*What the task asks:*
After locating the line with "#101=EDGE_CURVE('E69',#100,#100,#98,.T.);" in the data that follows, return it and every later line exactly, up to and including the line with "#142=VERTEX_POINT('',#141);".

** The input follows **

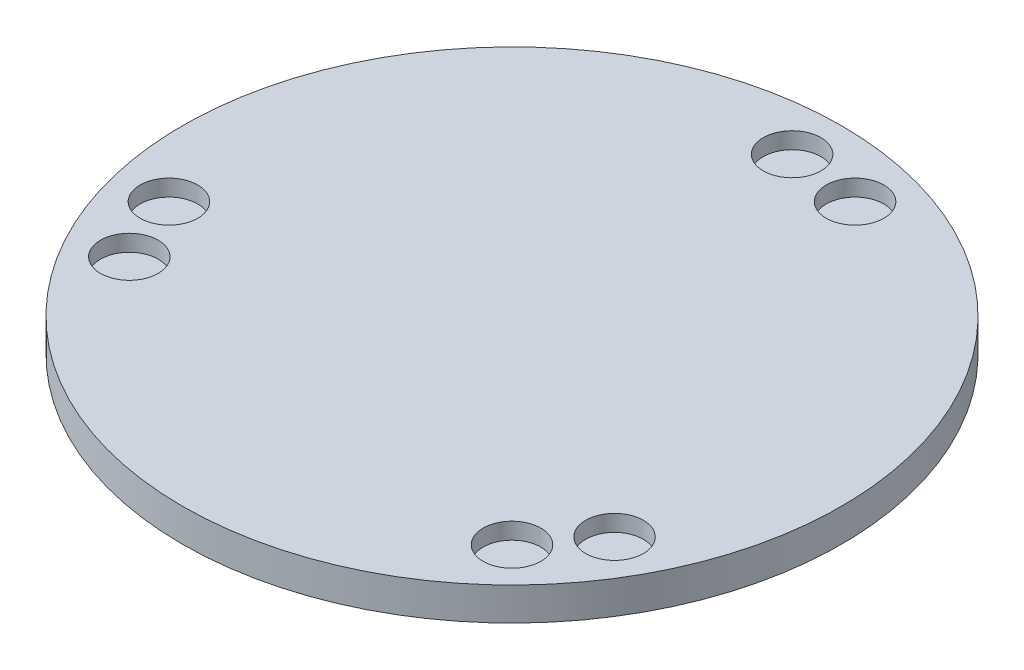
ISO-10303-21;
HEADER;
FILE_DESCRIPTION(('STEP AP214'),'2;1');
FILE_NAME('part.step','',(''),(''),'','','');
FILE_SCHEMA(('AUTOMOTIVE_DESIGN { 1 0 10303 214 1 1 1 1 }'));
ENDSEC;
DATA;
#1=APPLICATION_CONTEXT('core data for automotive mechanical design processes');
#2=APPLICATION_PROTOCOL_DEFINITION('international standard','automotive_design',2000,#1);
#3=PRODUCT_CONTEXT('',#1,'mechanical');
#4=PRODUCT('Part','Part','',(#3));
#5=PRODUCT_RELATED_PRODUCT_CATEGORY('part','',(#4));
#6=PRODUCT_DEFINITION_FORMATION('','',#4);
#7=PRODUCT_DEFINITION_CONTEXT('part definition',#1,'design');
#8=PRODUCT_DEFINITION('design','',#6,#7);
#9=PRODUCT_DEFINITION_SHAPE('','',#8);
#10=(LENGTH_UNIT() NAMED_UNIT(*) SI_UNIT(.MILLI.,.METRE.));
#11=(NAMED_UNIT(*) PLANE_ANGLE_UNIT() SI_UNIT($,.RADIAN.));
#12=(NAMED_UNIT(*) SI_UNIT($,.STERADIAN.) SOLID_ANGLE_UNIT());
#13=UNCERTAINTY_MEASURE_WITH_UNIT(LENGTH_MEASURE(1.E-05),#10,'distance_accuracy_value','');
#14=(GEOMETRIC_REPRESENTATION_CONTEXT(3) GLOBAL_UNCERTAINTY_ASSIGNED_CONTEXT((#13)) GLOBAL_UNIT_ASSIGNED_CONTEXT((#10,
#11,#12)) REPRESENTATION_CONTEXT('',''));
#15=CARTESIAN_POINT('',(0.,0.,0.));
#16=DIRECTION('',(0.,0.,1.));
#17=DIRECTION('',(1.,0.,0.));
#18=AXIS2_PLACEMENT_3D('',#15,#16,#17);
#19=CARTESIAN_POINT('',(0.,-20.,0.));
#20=DIRECTION('',(0.,1.,0.));
#21=DIRECTION('',(0.,0.,1.));
#22=AXIS2_PLACEMENT_3D('',#19,#20,#21);
#23=CYLINDRICAL_SURFACE('',#22,200.);
#24=CARTESIAN_POINT('',(0.,-20.,0.));
#25=DIRECTION('',(0.,1.,0.));
#26=DIRECTION('',(0.,0.,1.));
#27=AXIS2_PLACEMENT_3D('',#24,#25,#26);
#28=CIRCLE('',#27,200.);
#29=CARTESIAN_POINT('',(0.,-20.,200.));
#30=VERTEX_POINT('',#29);
#31=EDGE_CURVE('E11',#30,#30,#28,.T.);
#32=ORIENTED_EDGE('',*,*,#31,.T.);
#33=EDGE_LOOP('',(#32));
#34=FACE_BOUND('',#33,.T.);
#35=CARTESIAN_POINT('',(0.,0.,0.));
#36=DIRECTION('',(0.,1.,0.));
#37=DIRECTION('',(0.,0.,1.));
#38=AXIS2_PLACEMENT_3D('',#35,#36,#37);
#39=CIRCLE('',#38,200.);
#40=CARTESIAN_POINT('',(0.,0.,200.));
#41=VERTEX_POINT('',#40);
#42=EDGE_CURVE('E42',#41,#41,#39,.T.);
#43=ORIENTED_EDGE('',*,*,#42,.F.);
#44=EDGE_LOOP('',(#43));
#45=FACE_BOUND('',#44,.T.);
#46=ADVANCED_FACE('F39',(#34,#45),#23,.T.);
#47=CARTESIAN_POINT('',(0.,-20.,0.));
#48=DIRECTION('',(0.,1.,0.));
#49=DIRECTION('',(0.,0.,1.));
#50=AXIS2_PLACEMENT_3D('',#47,#48,#49);
#51=PLANE('',#50);
#52=ORIENTED_EDGE('',*,*,#31,.F.);
#53=EDGE_LOOP('',(#52));
#54=FACE_BOUND('',#53,.T.);
#55=ADVANCED_FACE('F100',(#54),#51,.F.);
#56=CARTESIAN_POINT('',(0.,0.,0.));
#57=DIRECTION('',(0.,1.,0.));
#58=DIRECTION('',(0.,0.,1.));
#59=AXIS2_PLACEMENT_3D('',#56,#57,#58);
#60=PLANE('',#59);
#61=CARTESIAN_POINT('',(-164.207390469139,0.,43.999237667431));
#62=DIRECTION('',(0.,1.,0.));
#63=DIRECTION('',(0.,0.,1.));
#64=AXIS2_PLACEMENT_3D('',#61,#62,#63);
#65=CIRCLE('',#64,17.5000000000053);
#66=CARTESIAN_POINT('',(-164.207390469139,0.,61.4992376674363));
#67=VERTEX_POINT('',#66);
#68=EDGE_CURVE('E90',#67,#67,#65,.T.);
#69=ORIENTED_EDGE('',*,*,#68,.F.);
#70=EDGE_LOOP('',(#69));
#71=FACE_BOUND('',#70,.T.);
#72=CARTESIAN_POINT('',(-147.224318643351,0.,85.0000000000026));
#73=DIRECTION('',(0.,1.,0.));
#74=DIRECTION('',(0.,0.,1.));
#75=AXIS2_PLACEMENT_3D('',#72,#73,#74);
#76=CIRCLE('',#75,17.5000000000055);
#77=CARTESIAN_POINT('',(-147.224318643351,0.,102.500000000008));
#78=VERTEX_POINT('',#77);
#79=EDGE_CURVE('E83',#78,#78,#76,.T.);
#80=ORIENTED_EDGE('',*,*,#79,.F.);
#81=EDGE_LOOP('',(#80));
#82=FACE_BOUND('',#81,.T.);
#83=CARTESIAN_POINT('',(120.208152801717,0.,120.208152801712));
#84=DIRECTION('',(0.,1.,0.));
#85=DIRECTION('',(0.,0.,1.));
#86=AXIS2_PLACEMENT_3D('',#83,#84,#85);
#87=CIRCLE('',#86,17.5000000000053);
#88=CARTESIAN_POINT('',(120.208152801717,0.,137.708152801717));
#89=VERTEX_POINT('',#88);
#90=EDGE_CURVE('E76',#89,#89,#87,.T.);
#91=ORIENTED_EDGE('',*,*,#90,.F.);
#92=EDGE_LOOP('',(#91));
#93=FACE_BOUND('',#92,.T.);
#94=CARTESIAN_POINT('',(147.224318643358,0.,84.9999999999985));
#95=DIRECTION('',(0.,1.,0.));
#96=DIRECTION('',(0.,0.,1.));
#97=AXIS2_PLACEMENT_3D('',#94,#95,#96);
#98=CIRCLE('',#97,17.5000000000031);
#99=CARTESIAN_POINT('',(147.224318643358,0.,102.500000000002));
#100=VERTEX_POINT('',#99);
#101=EDGE_CURVE('E69',#100,#100,#98,.T.);
#102=ORIENTED_EDGE('',*,*,#101,.F.);
#103=EDGE_LOOP('',(#102));
#104=FACE_BOUND('',#103,.T.);
#105=CARTESIAN_POINT('',(43.9992376674287,0.,-164.207390469142));
#106=DIRECTION('',(0.,1.,0.));
#107=DIRECTION('',(0.,0.,1.));
#108=AXIS2_PLACEMENT_3D('',#105,#106,#107);
#109=CIRCLE('',#108,17.5000000000053);
#110=CARTESIAN_POINT('',(43.9992376674287,0.,-146.707390469136));
#111=VERTEX_POINT('',#110);
#112=EDGE_CURVE('E62',#111,#111,#109,.T.);
#113=ORIENTED_EDGE('',*,*,#112,.F.);
#114=EDGE_LOOP('',(#113));
#115=FACE_BOUND('',#114,.T.);
#116=CARTESIAN_POINT('',(0.,0.,-170.));
#117=DIRECTION('',(0.,1.,0.));
#118=DIRECTION('',(0.,0.,1.));
#119=AXIS2_PLACEMENT_3D('',#116,#117,#118);
#120=CIRCLE('',#119,17.5);
#121=CARTESIAN_POINT('',(0.,0.,-152.5));
#122=VERTEX_POINT('',#121);
#123=EDGE_CURVE('E55',#122,#122,#120,.T.);
#124=ORIENTED_EDGE('',*,*,#123,.F.);
#125=EDGE_LOOP('',(#124));
#126=FACE_BOUND('',#125,.T.);
#127=ORIENTED_EDGE('',*,*,#42,.T.);
#128=EDGE_LOOP('',(#127));
#129=FACE_BOUND('',#128,.T.);
#130=ADVANCED_FACE('F96',(#71,#82,#93,#104,#115,#126,#129),#60,.T.);
#131=CARTESIAN_POINT('',(0.,-69.497474683074,-170.));
#132=DIRECTION('',(0.,1.,0.));
#133=DIRECTION('',(0.,0.,1.));
#134=AXIS2_PLACEMENT_3D('',#131,#132,#133);
#135=CYLINDRICAL_SURFACE('',#134,17.5);
#136=CARTESIAN_POINT('',(0.,-10.,-170.));
#137=DIRECTION('',(0.,1.,0.));
#138=DIRECTION('',(0.,0.,1.));
#139=AXIS2_PLACEMENT_3D('',#136,#137,#138);
#140=CIRCLE('',#139,17.5);
#141=CARTESIAN_POINT('',(0.,-10.,-152.5));
#142=VERTEX_POINT('',#141);
#143=EDGE_CURVE('E50',#142,#142,#140,.F.);
#144=ORIENTED_EDGE('',*,*,#143,.T.);
#145=EDGE_LOOP('',(#144));
#146=FACE_BOUND('',#145,.T.);
#147=ORIENTED_EDGE('',*,*,#123,.T.);
#148=EDGE_LOOP('',(#147));
#149=FACE_BOUND('',#148,.T.);
#150=ADVANCED_FACE('F99',(#146,#149),#135,.F.);
#151=CARTESIAN_POINT('',(0.,-10.,0.));
#152=DIRECTION('',(0.,1.,0.));
#153=DIRECTION('',(0.,0.,1.));
#154=AXIS2_PLACEMENT_3D('',#151,#152,#153);
#155=PLANE('',#154);
#156=ORIENTED_EDGE('',*,*,#143,.F.);
#157=EDGE_LOOP('',(#156));
#158=FACE_BOUND('',#157,.T.);
#159=ADVANCED_FACE('F124',(#158),#155,.T.);
#160=CARTESIAN_POINT('',(43.9992376674287,-69.497474683074,-164.207390469142));
#161=DIRECTION('',(0.,1.,0.));
#162=DIRECTION('',(0.,0.,1.));
#163=AXIS2_PLACEMENT_3D('',#160,#161,#162);
#164=CYLINDRICAL_SURFACE('',#163,17.5000000000053);
#165=CARTESIAN_POINT('',(43.9992376674287,-10.,-164.207390469142));
#166=DIRECTION('',(0.,1.,0.));
#167=DIRECTION('',(0.,0.,1.));
#168=AXIS2_PLACEMENT_3D('',#165,#166,#167);
#169=CIRCLE('',#168,17.5000000000053);
#170=CARTESIAN_POINT('',(43.9992376674287,-10.,-146.707390469136));
#171=VERTEX_POINT('',#170);
#172=EDGE_CURVE('E58',#171,#171,#169,.F.);
#173=ORIENTED_EDGE('',*,*,#172,.T.);
#174=EDGE_LOOP('',(#173));
#175=FACE_BOUND('',#174,.T.);
#176=ORIENTED_EDGE('',*,*,#112,.T.);
#177=EDGE_LOOP('',(#176));
#178=FACE_BOUND('',#177,.T.);
#179=ADVANCED_FACE('F128',(#175,#178),#164,.F.);
#180=CARTESIAN_POINT('',(0.,-10.,0.));
#181=DIRECTION('',(0.,1.,0.));
#182=DIRECTION('',(0.,0.,1.));
#183=AXIS2_PLACEMENT_3D('',#180,#181,#182);
#184=PLANE('',#183);
#185=ORIENTED_EDGE('',*,*,#172,.F.);
#186=EDGE_LOOP('',(#185));
#187=FACE_BOUND('',#186,.T.);
#188=ADVANCED_FACE('F132',(#187),#184,.T.);
#189=CARTESIAN_POINT('',(147.224318643358,-69.497474683074,84.9999999999985));
#190=DIRECTION('',(0.,1.,0.));
#191=DIRECTION('',(0.,0.,1.));
#192=AXIS2_PLACEMENT_3D('',#189,#190,#191);
#193=CYLINDRICAL_SURFACE('',#192,17.5000000000031);
#194=CARTESIAN_POINT('',(147.224318643358,-10.,84.9999999999985));
#195=DIRECTION('',(0.,1.,0.));
#196=DIRECTION('',(0.,0.,1.));
#197=AXIS2_PLACEMENT_3D('',#194,#195,#196);
#198=CIRCLE('',#197,17.5000000000031);
#199=CARTESIAN_POINT('',(147.224318643358,-10.,102.500000000002));
#200=VERTEX_POINT('',#199);
#201=EDGE_CURVE('E65',#200,#200,#198,.F.);
#202=ORIENTED_EDGE('',*,*,#201,.T.);
#203=EDGE_LOOP('',(#202));
#204=FACE_BOUND('',#203,.T.);
#205=ORIENTED_EDGE('',*,*,#101,.T.);
#206=EDGE_LOOP('',(#205));
#207=FACE_BOUND('',#206,.T.);
#208=ADVANCED_FACE('F136',(#204,#207),#193,.F.);
#209=CARTESIAN_POINT('',(0.,-10.,0.));
#210=DIRECTION('',(0.,1.,0.));
#211=DIRECTION('',(0.,0.,1.));
#212=AXIS2_PLACEMENT_3D('',#209,#210,#211);
#213=PLANE('',#212);
#214=ORIENTED_EDGE('',*,*,#201,.F.);
#215=EDGE_LOOP('',(#214));
#216=FACE_BOUND('',#215,.T.);
#217=ADVANCED_FACE('F140',(#216),#213,.T.);
#218=CARTESIAN_POINT('',(120.208152801717,-69.497474683074,120.208152801712));
#219=DIRECTION('',(0.,1.,0.));
#220=DIRECTION('',(0.,0.,1.));
#221=AXIS2_PLACEMENT_3D('',#218,#219,#220);
#222=CYLINDRICAL_SURFACE('',#221,17.5000000000053);
#223=CARTESIAN_POINT('',(120.208152801717,-10.,120.208152801712));
#224=DIRECTION('',(0.,1.,0.));
#225=DIRECTION('',(0.,0.,1.));
#226=AXIS2_PLACEMENT_3D('',#223,#224,#225);
#227=CIRCLE('',#226,17.5000000000053);
#228=CARTESIAN_POINT('',(120.208152801717,-10.,137.708152801717));
#229=VERTEX_POINT('',#228);
#230=EDGE_CURVE('E72',#229,#229,#227,.F.);
#231=ORIENTED_EDGE('',*,*,#230,.T.);
#232=EDGE_LOOP('',(#231));
#233=FACE_BOUND('',#232,.T.);
#234=ORIENTED_EDGE('',*,*,#90,.T.);
#235=EDGE_LOOP('',(#234));
#236=FACE_BOUND('',#235,.T.);
#237=ADVANCED_FACE('F144',(#233,#236),#222,.F.);
#238=CARTESIAN_POINT('',(0.,-10.,0.));
#239=DIRECTION('',(0.,1.,0.));
#240=DIRECTION('',(0.,0.,1.));
#241=AXIS2_PLACEMENT_3D('',#238,#239,#240);
#242=PLANE('',#241);
#243=ORIENTED_EDGE('',*,*,#230,.F.);
#244=EDGE_LOOP('',(#243));
#245=FACE_BOUND('',#244,.T.);
#246=ADVANCED_FACE('F148',(#245),#242,.T.);
#247=CARTESIAN_POINT('',(-147.224318643351,-69.497474683074,85.0000000000026));
#248=DIRECTION('',(0.,1.,0.));
#249=DIRECTION('',(0.,0.,1.));
#250=AXIS2_PLACEMENT_3D('',#247,#248,#249);
#251=CYLINDRICAL_SURFACE('',#250,17.5000000000055);
#252=CARTESIAN_POINT('',(-147.224318643351,-10.,85.0000000000026));
#253=DIRECTION('',(0.,1.,0.));
#254=DIRECTION('',(0.,0.,1.));
#255=AXIS2_PLACEMENT_3D('',#252,#253,#254);
#256=CIRCLE('',#255,17.5000000000055);
#257=CARTESIAN_POINT('',(-147.224318643351,-10.,102.500000000008));
#258=VERTEX_POINT('',#257);
#259=EDGE_CURVE('E79',#258,#258,#256,.F.);
#260=ORIENTED_EDGE('',*,*,#259,.T.);
#261=EDGE_LOOP('',(#260));
#262=FACE_BOUND('',#261,.T.);
#263=ORIENTED_EDGE('',*,*,#79,.T.);
#264=EDGE_LOOP('',(#263));
#265=FACE_BOUND('',#264,.T.);
#266=ADVANCED_FACE('F152',(#262,#265),#251,.F.);
#267=CARTESIAN_POINT('',(0.,-10.,0.));
#268=DIRECTION('',(0.,1.,0.));
#269=DIRECTION('',(0.,0.,1.));
#270=AXIS2_PLACEMENT_3D('',#267,#268,#269);
#271=PLANE('',#270);
#272=ORIENTED_EDGE('',*,*,#259,.F.);
#273=EDGE_LOOP('',(#272));
#274=FACE_BOUND('',#273,.T.);
#275=ADVANCED_FACE('F156',(#274),#271,.T.);
#276=CARTESIAN_POINT('',(-164.207390469139,-69.497474683074,43.999237667431));
#277=DIRECTION('',(0.,1.,0.));
#278=DIRECTION('',(0.,0.,1.));
#279=AXIS2_PLACEMENT_3D('',#276,#277,#278);
#280=CYLINDRICAL_SURFACE('',#279,17.5000000000053);
#281=CARTESIAN_POINT('',(-164.207390469139,-10.,43.999237667431));
#282=DIRECTION('',(0.,1.,0.));
#283=DIRECTION('',(0.,0.,1.));
#284=AXIS2_PLACEMENT_3D('',#281,#282,#283);
#285=CIRCLE('',#284,17.5000000000053);
#286=CARTESIAN_POINT('',(-164.207390469139,-10.,61.4992376674363));
#287=VERTEX_POINT('',#286);
#288=EDGE_CURVE('E86',#287,#287,#285,.F.);
#289=ORIENTED_EDGE('',*,*,#288,.T.);
#290=EDGE_LOOP('',(#289));
#291=FACE_BOUND('',#290,.T.);
#292=ORIENTED_EDGE('',*,*,#68,.T.);
#293=EDGE_LOOP('',(#292));
#294=FACE_BOUND('',#293,.T.);
#295=ADVANCED_FACE('F94',(#291,#294),#280,.F.);
#296=CARTESIAN_POINT('',(0.,-10.,0.));
#297=DIRECTION('',(0.,1.,0.));
#298=DIRECTION('',(0.,0.,1.));
#299=AXIS2_PLACEMENT_3D('',#296,#297,#298);
#300=PLANE('',#299);
#301=ORIENTED_EDGE('',*,*,#288,.F.);
#302=EDGE_LOOP('',(#301));
#303=FACE_BOUND('',#302,.T.);
#304=ADVANCED_FACE('F163',(#303),#300,.T.);
#305=CLOSED_SHELL('',(#46,#55,#130,#150,#159,#179,#188,#208,#217,#237,#246,#266,#275,#295,#304));
#306=MANIFOLD_SOLID_BREP('B2',#305);
#307=ADVANCED_BREP_SHAPE_REPRESENTATION('',(#18,#306),#14);
#308=SHAPE_DEFINITION_REPRESENTATION(#9,#307);
ENDSEC;
END-ISO-10303-21;

** End of The input **

*Written reply:*
#101=EDGE_CURVE('E69',#100,#100,#98,.T.);
#102=ORIENTED_EDGE('',*,*,#101,.F.);
#103=EDGE_LOOP('',(#102));
#104=FACE_BOUND('',#103,.T.);
#105=CARTESIAN_POINT('',(43.9992376674287,0.,-164.207390469142));
#106=DIRECTION('',(0.,1.,0.));
#107=DIRECTION('',(0.,0.,1.));
#108=AXIS2_PLACEMENT_3D('',#105,#106,#107);
#109=CIRCLE('',#108,17.5000000000053);
#110=CARTESIAN_POINT('',(43.9992376674287,0.,-146.707390469136));
#111=VERTEX_POINT('',#110);
#112=EDGE_CURVE('E62',#111,#111,#109,.T.);
#113=ORIENTED_EDGE('',*,*,#112,.F.);
#114=EDGE_LOOP('',(#113));
#115=FACE_BOUND('',#114,.T.);
#116=CARTESIAN_POINT('',(0.,0.,-170.));
#117=DIRECTION('',(0.,1.,0.));
#118=DIRECTION('',(0.,0.,1.));
#119=AXIS2_PLACEMENT_3D('',#116,#117,#118);
#120=CIRCLE('',#119,17.5);
#121=CARTESIAN_POINT('',(0.,0.,-152.5));
#122=VERTEX_POINT('',#121);
#123=EDGE_CURVE('E55',#122,#122,#120,.T.);
#124=ORIENTED_EDGE('',*,*,#123,.F.);
#125=EDGE_LOOP('',(#124));
#126=FACE_BOUND('',#125,.T.);
#127=ORIENTED_EDGE('',*,*,#42,.T.);
#128=EDGE_LOOP('',(#127));
#129=FACE_BOUND('',#128,.T.);
#130=ADVANCED_FACE('F96',(#71,#82,#93,#104,#115,#126,#129),#60,.T.);
#131=CARTESIAN_POINT('',(0.,-69.497474683074,-170.));
#132=DIRECTION('',(0.,1.,0.));
#133=DIRECTION('',(0.,0.,1.));
#134=AXIS2_PLACEMENT_3D('',#131,#132,#133);
#135=CYLINDRICAL_SURFACE('',#134,17.5);
#136=CARTESIAN_POINT('',(0.,-10.,-170.));
#137=DIRECTION('',(0.,1.,0.));
#138=DIRECTION('',(0.,0.,1.));
#139=AXIS2_PLACEMENT_3D('',#136,#137,#138);
#140=CIRCLE('',#139,17.5);
#141=CARTESIAN_POINT('',(0.,-10.,-152.5));
#142=VERTEX_POINT('',#141);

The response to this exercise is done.